Treatment of MDS-associated ADs is not codified. The main challenge here is to achieve remission of the autoimmune manifestations without aggravating MDS-related cytopenias. Glucocorticosteroids (GCs) alone, as a first-line treatment, have been reported to be effective against autoimmune manifestations in up to 80% of cases in some series [15]. However, this response is not always complete or durable, and high rates of steroid-dependent or refractory cases have been reported [44]. Moreover, MDS’ responses to GCs used to treat autoimmune conditions are variable. Cases of improved, refractory or even worsened cytopenias have been registered [1517].

Immunosuppressive treatments can be used as second-line therapies. However, in most cases, no hematological response has been reported but rather a worsening of the MDS-related cytopenias with all the ensuing complications, especially infectious ones [15, 16, 45].

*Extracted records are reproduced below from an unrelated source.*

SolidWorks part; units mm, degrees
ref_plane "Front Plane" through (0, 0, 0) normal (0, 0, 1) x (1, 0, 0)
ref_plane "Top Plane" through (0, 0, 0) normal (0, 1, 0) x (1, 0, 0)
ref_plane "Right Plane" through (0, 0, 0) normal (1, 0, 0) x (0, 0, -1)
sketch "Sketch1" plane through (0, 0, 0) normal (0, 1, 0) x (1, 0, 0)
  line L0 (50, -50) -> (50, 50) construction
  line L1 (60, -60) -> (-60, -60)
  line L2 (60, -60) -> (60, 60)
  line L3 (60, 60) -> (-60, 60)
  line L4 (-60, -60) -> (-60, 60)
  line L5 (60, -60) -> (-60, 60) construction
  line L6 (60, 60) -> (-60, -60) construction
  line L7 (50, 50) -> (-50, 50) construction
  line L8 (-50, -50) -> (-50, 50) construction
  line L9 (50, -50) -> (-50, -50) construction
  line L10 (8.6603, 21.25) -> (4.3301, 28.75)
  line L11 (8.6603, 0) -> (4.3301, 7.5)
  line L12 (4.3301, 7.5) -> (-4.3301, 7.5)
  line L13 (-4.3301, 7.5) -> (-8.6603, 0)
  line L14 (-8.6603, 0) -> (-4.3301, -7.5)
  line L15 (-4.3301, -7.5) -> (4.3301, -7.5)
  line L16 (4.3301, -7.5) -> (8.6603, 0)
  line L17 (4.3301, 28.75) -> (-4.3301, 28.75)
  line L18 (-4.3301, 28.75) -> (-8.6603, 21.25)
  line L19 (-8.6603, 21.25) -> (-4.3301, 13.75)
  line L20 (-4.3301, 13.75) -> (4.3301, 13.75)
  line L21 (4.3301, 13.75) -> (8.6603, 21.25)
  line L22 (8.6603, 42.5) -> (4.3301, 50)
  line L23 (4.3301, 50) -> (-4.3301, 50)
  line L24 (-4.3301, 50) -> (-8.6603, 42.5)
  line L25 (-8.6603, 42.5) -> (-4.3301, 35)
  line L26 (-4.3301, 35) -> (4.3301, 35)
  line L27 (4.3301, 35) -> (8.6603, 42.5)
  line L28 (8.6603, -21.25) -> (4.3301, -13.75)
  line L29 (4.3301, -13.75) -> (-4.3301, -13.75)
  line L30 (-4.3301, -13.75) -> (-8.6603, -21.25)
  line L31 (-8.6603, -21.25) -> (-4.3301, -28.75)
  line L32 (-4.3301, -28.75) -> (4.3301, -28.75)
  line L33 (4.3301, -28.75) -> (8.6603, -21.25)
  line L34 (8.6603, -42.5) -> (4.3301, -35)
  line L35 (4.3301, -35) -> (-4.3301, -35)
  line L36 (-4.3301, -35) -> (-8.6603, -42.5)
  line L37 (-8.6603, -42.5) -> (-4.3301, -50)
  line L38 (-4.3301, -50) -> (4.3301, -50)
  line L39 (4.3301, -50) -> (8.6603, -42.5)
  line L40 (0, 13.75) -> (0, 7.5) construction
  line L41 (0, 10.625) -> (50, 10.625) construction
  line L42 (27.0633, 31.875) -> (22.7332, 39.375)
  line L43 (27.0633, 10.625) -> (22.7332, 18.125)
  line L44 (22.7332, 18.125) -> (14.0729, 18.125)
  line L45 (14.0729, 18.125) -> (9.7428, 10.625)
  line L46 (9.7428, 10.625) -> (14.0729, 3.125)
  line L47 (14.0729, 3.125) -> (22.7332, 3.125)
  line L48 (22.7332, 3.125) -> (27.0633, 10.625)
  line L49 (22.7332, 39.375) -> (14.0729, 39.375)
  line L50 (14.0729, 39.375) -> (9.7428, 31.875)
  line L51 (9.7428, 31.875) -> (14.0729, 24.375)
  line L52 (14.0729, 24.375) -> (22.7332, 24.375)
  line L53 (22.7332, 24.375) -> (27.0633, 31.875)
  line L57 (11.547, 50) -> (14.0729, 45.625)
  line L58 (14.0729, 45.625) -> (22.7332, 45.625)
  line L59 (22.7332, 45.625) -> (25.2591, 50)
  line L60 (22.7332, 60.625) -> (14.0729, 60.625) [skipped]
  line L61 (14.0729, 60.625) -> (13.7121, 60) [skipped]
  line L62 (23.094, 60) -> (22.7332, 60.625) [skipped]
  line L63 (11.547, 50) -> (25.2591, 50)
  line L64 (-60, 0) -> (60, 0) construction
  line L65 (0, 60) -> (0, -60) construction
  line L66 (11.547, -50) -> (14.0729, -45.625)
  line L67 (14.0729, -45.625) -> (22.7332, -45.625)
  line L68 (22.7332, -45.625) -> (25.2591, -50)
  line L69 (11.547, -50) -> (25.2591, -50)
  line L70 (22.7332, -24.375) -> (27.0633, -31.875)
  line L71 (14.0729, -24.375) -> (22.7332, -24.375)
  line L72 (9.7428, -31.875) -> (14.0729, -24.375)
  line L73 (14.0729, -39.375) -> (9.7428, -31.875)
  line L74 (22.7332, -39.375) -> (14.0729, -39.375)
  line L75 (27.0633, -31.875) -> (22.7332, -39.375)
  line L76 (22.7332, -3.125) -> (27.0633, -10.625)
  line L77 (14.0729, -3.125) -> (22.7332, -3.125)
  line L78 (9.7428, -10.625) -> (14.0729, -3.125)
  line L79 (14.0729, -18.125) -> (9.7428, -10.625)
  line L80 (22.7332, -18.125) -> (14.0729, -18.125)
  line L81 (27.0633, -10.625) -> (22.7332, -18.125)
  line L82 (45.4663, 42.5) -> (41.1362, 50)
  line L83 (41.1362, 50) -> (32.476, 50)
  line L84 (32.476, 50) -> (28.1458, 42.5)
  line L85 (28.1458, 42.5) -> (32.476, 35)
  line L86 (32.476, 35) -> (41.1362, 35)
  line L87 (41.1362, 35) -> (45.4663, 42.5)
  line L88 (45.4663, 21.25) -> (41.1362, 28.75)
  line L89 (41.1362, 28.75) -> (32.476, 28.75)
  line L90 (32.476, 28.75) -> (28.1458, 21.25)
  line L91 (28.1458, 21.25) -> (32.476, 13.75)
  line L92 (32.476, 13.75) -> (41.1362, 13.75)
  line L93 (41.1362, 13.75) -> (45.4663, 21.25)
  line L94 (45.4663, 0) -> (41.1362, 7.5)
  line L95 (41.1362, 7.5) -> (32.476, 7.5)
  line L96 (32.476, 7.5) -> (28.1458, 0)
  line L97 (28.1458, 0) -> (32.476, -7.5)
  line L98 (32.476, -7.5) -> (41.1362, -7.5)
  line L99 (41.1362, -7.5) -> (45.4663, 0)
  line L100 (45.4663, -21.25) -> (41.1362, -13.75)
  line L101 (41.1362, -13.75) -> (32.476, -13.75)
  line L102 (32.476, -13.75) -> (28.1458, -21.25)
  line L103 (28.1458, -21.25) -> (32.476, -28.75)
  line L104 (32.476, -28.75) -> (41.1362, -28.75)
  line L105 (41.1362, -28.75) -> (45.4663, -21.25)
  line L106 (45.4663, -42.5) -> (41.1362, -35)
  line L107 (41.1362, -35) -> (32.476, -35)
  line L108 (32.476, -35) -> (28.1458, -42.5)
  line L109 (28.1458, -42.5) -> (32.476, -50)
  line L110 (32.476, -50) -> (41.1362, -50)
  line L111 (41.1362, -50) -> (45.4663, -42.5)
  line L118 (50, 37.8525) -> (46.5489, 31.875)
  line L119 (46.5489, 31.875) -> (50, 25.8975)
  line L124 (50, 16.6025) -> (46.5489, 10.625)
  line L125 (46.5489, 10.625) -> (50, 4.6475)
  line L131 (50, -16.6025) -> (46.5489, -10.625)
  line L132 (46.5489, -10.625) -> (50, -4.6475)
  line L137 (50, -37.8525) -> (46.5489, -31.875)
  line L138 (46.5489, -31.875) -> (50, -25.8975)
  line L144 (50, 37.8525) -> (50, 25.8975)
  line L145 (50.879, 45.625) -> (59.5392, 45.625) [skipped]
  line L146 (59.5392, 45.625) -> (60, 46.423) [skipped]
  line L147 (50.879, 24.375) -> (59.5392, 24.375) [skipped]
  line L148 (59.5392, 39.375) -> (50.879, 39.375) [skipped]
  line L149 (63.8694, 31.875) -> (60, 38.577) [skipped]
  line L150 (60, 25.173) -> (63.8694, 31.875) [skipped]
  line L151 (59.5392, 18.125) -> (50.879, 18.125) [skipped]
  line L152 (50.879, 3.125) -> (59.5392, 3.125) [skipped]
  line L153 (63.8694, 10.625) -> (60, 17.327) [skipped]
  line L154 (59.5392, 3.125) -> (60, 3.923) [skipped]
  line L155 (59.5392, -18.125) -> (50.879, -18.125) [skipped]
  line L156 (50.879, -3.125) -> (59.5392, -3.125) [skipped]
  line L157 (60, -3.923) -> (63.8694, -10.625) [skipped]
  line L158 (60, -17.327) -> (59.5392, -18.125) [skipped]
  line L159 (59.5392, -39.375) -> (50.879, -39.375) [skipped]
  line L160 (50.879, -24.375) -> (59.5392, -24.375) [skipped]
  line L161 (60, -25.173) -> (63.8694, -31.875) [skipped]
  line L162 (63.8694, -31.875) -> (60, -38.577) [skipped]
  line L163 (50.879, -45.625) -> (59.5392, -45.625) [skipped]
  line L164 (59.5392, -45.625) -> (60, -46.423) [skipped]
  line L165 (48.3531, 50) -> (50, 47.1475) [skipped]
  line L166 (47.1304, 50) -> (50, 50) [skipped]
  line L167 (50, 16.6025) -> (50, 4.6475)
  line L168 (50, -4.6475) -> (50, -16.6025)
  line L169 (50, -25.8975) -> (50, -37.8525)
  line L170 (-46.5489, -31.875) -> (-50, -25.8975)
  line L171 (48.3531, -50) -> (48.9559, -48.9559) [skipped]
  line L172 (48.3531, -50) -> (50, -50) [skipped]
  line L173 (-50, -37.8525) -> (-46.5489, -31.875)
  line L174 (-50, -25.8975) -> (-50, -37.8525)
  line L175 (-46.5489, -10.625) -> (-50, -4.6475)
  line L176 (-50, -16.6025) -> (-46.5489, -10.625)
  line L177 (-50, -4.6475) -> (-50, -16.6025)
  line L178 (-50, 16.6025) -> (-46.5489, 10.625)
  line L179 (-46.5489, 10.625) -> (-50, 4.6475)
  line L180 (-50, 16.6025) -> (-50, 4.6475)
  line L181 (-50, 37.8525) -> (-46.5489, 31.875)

Biologic targeted treatments are also a possible therapeutic option for MDS-associated ADs but with lower response rates compared to GCs and compared to non MDS-related ADs [25]. Moreover, they have no effect on cytopenias of the underlying MDS [25, 46]. Rituximab proved to be the most efficient among biologics, with an overall response of 58%, mainly in vasculitis. However, a high rate of adverse effects was reported with these therapies [25]. In contrast, MDS treatment, in particular azacitidine, has been found to have a good effect on associated ADs with regard to the dose of GCs and the number of steroid-dependent patients [15]. As for hypomethylating agents, their efficacy in terms of outcome in MDS-associated ADs has to be confirmed. Interestingly, hematopoietic stem cell transplantation (HSCT), which is the only satisfactory option reported for MDS management, is currently also considered as an effective option in treating severe, refractory AD through reconstituting the hematopoietic system and restoring immune functions as well [47, 48].

Prognostic specific aspects

The heterogeneity of ADs associated with MDS makes the prognostic significance of this association controversial. However, in general, whereas the AD develops before the MDS or during its course, no differences in overall survival or in the rates of acute myeloid leukemia and death have been reported in patients with ADs and MDS compared to with patients with MDS [8, 11, 20]. Nonetheless, systemic vasculitis has been reported as a poor prognostic factor in patients with MDS, mainly due to the presence of high-risk MDS features, and Sweet syndrome has been associated with progression of MDS [11]. Cryoglobulinemic vasculitis was also associated with lower median overall survival [17] due to a higher infectious rate [20]. However, in the presence of an associated AD, the underlying cytogenetic features of MDS do not seem to be influenced [11].


Myelodysplastic syndrome and ADs may coexist or complicate each other with a delay of months to years. Myelodysplastic syndrome-associated ADs have some epidemiological and clinical specific aspects but no major effects on survival. Although this association has been established by several studies, it is sometimes difficult to diagnose, and MDS should always be considered in the diagnostic algorithm of patients having ADs when cytopenia(s) cannot be explained by the immunological disorders.